邵厚信看向陳知行,接下來的工作安排,徵求後者的意見。
“張良田同志,安排一個小夥子守著村口,等咱們同事到了,領著他們來現場。”
“其他人都回家吧,我倆單獨跟你嘮嘮,多瞭解一點情況。”
陳知行吩咐道。
張良田依陳知行的話安排。
很快,大傢伙紛紛各回各家。
“張村長,關於張元峰以及他媳婦兒孩子的事,我希望你詳細告知我們。”
“我有一種很強烈的預感。”
說到這裡,陳知行伸手一指大樹:“那對母女就在大樹下。”
“公安同志,你可別嚇我啊。”
“我們村的人,不可能幹出這種事。
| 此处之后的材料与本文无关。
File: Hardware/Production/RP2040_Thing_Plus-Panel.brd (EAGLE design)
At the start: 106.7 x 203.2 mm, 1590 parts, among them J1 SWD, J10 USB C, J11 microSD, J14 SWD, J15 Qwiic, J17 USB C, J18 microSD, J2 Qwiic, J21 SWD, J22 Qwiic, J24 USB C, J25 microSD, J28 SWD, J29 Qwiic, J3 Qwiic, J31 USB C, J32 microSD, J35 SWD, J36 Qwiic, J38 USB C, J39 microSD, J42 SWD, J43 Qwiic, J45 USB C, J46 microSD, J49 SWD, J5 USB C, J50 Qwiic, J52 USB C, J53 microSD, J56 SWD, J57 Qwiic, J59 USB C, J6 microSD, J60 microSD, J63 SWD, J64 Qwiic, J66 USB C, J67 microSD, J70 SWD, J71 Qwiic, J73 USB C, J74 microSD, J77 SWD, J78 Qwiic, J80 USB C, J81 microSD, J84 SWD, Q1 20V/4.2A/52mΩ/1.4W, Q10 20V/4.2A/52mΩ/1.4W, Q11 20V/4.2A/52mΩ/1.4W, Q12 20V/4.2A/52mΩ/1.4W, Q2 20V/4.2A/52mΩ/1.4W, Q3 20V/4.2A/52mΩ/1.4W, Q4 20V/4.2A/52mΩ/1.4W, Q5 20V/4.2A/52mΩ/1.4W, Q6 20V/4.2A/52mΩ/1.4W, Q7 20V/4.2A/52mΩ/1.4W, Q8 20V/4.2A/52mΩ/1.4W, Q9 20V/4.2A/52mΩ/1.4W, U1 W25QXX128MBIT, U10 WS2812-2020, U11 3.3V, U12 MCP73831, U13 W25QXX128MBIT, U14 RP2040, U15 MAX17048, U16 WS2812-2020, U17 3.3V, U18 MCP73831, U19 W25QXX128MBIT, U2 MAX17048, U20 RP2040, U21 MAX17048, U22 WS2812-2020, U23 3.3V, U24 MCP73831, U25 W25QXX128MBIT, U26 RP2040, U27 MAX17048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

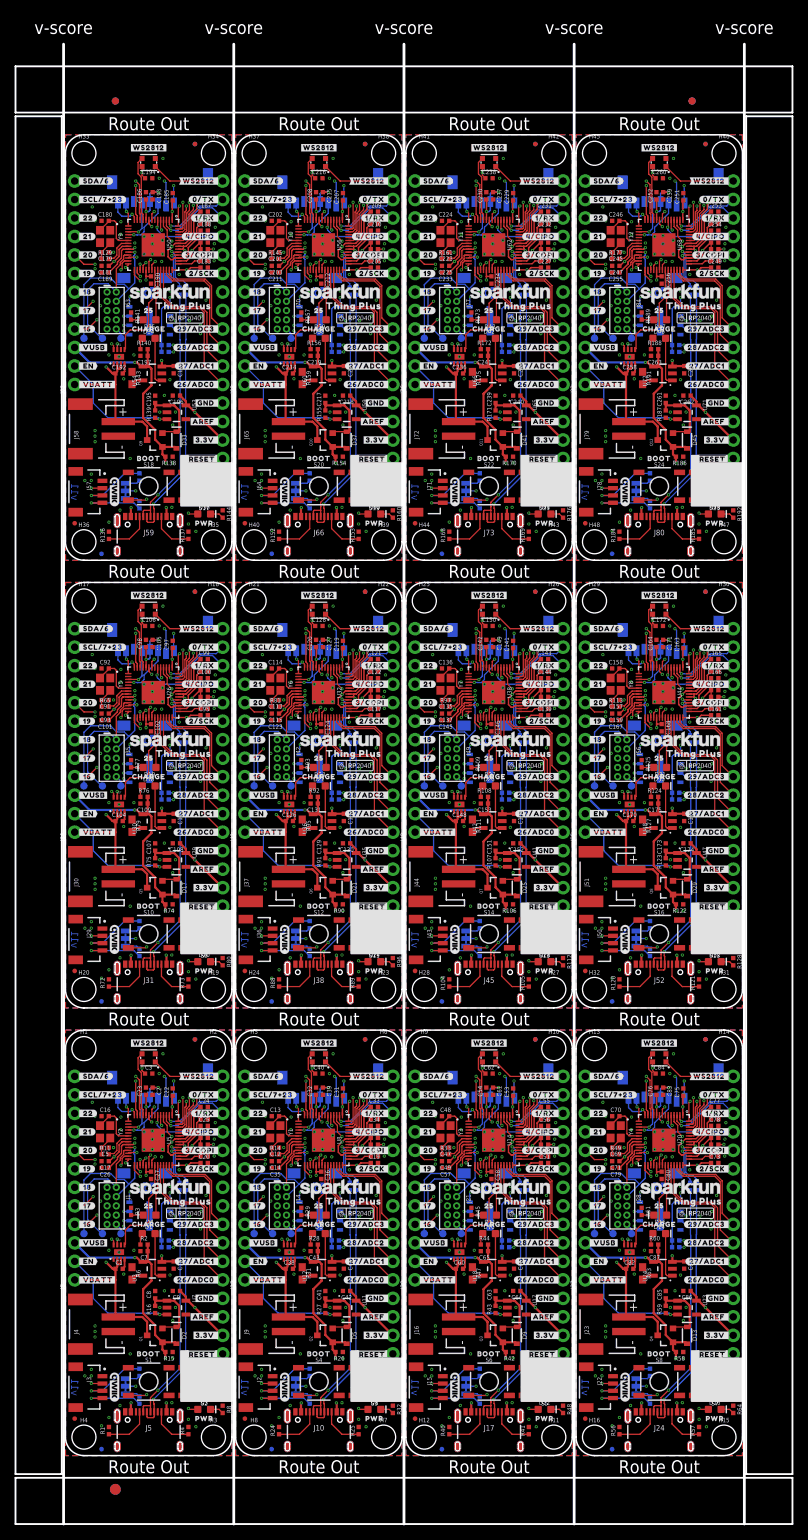
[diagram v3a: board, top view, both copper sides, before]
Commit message: Update RP2040 Logo
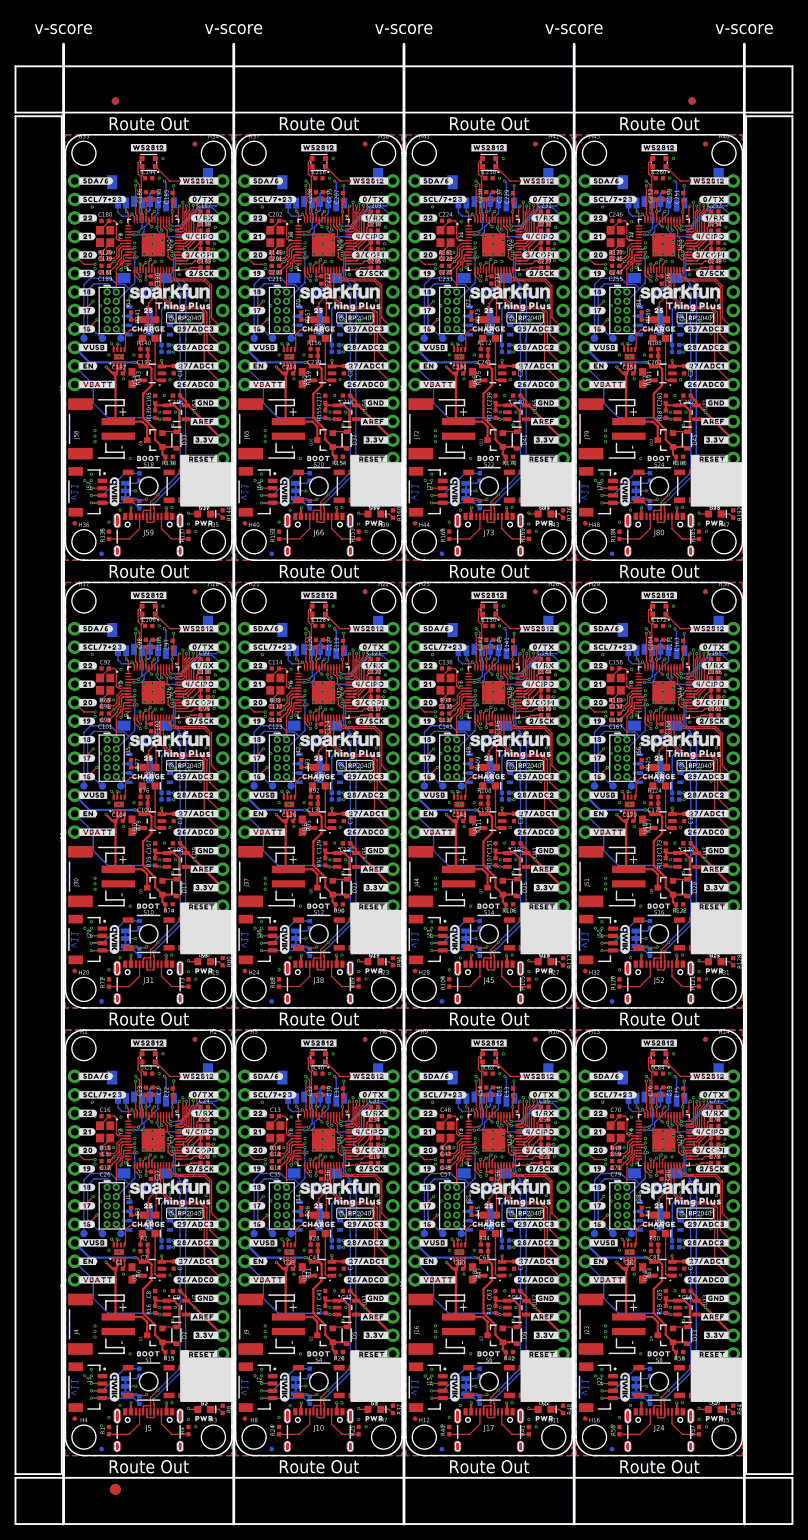
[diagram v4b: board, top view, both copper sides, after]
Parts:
- moved U$365 1.15 mm to (29.2, 75.9)
- moved U$426 1.15 mm to (52.6, 75.9)
- moved U$609 1.15 mm to (29.2, 137.4)
- moved U$670 1.15 mm to (52.6, 137.4)
- moved U$304 1.15 mm to (5.84, 75.9)
- moved U$548 1.15 mm to (5.84, 137.4)
- moved U$487 1.15 mm to (75.9, 75.9)
- moved U$731 1.15 mm to (75.9, 137.4)
- moved U$121 1.15 mm to (29.2, 14.5)
- moved U$182 1.15 mm to (52.6, 14.5)
- moved U$30 1.15 mm to (5.84, 14.5)
- moved U$243 1.15 mm to (75.9, 14.5)
- moved U$242 0.77 mm to (76.5, 17.1)
- moved U$486 0.77 mm to (76.5, 78.6)
- moved U$730 0.77 mm to (76.5, 140.1)
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
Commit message: Added ARM DevSummit Logo
Removed logos from bottom of PCB and replaced with ARM DevSummit logo.
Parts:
- removed U$709: (no value), output:#17_#0
- removed U$710: (no value), output:#16_#0
- removed U$711: (no value), output:#VUSB_#0
- removed U$712: (no value), output:#EN_#0
- removed U$713: (no value), output:#VBATT_#0
- removed U$714: (no value), output:#SCL_#0
- removed U$715: (no value), output:#SDA_#0
- removed U$716: (no value), output:#_#RESET##0
- removed U$717: (no value), output:#_3#3V#0
- removed U$718: (no value), output:#_AREF#0
- removed U$719: (no value), output:#_GND#0
- removed U$720: (no value), output:#_26#ADC0#0
- removed U$721: (no value), output:#_27#ADC1#0
- removed U$722: (no value), output:#_28#ADC2#0
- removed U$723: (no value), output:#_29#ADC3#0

”
張良田身軀哆嗦一下,狠狠吞嚥一口唾沫。
“你說說張元峰家裡的事吧,重要的事不要遺漏。”
陳知行不置可否,心裡有自己的判斷。
他斷定那對消失的母女埋在樹下,並不是純粹靠感覺。
經常殺人的朋友都知道,殺人容易,處理屍體難。
搬運屍體很麻煩。
因為屍體不著力,就像喝醉成爛泥的人,扶不動,得扛起來或者拖著走。
毀屍滅跡麻煩。
人體骨骼非常艱難,特別是頭骨,用斬骨刀都得砍出豁口來。
最方便的處理屍體方式,是就地掩埋。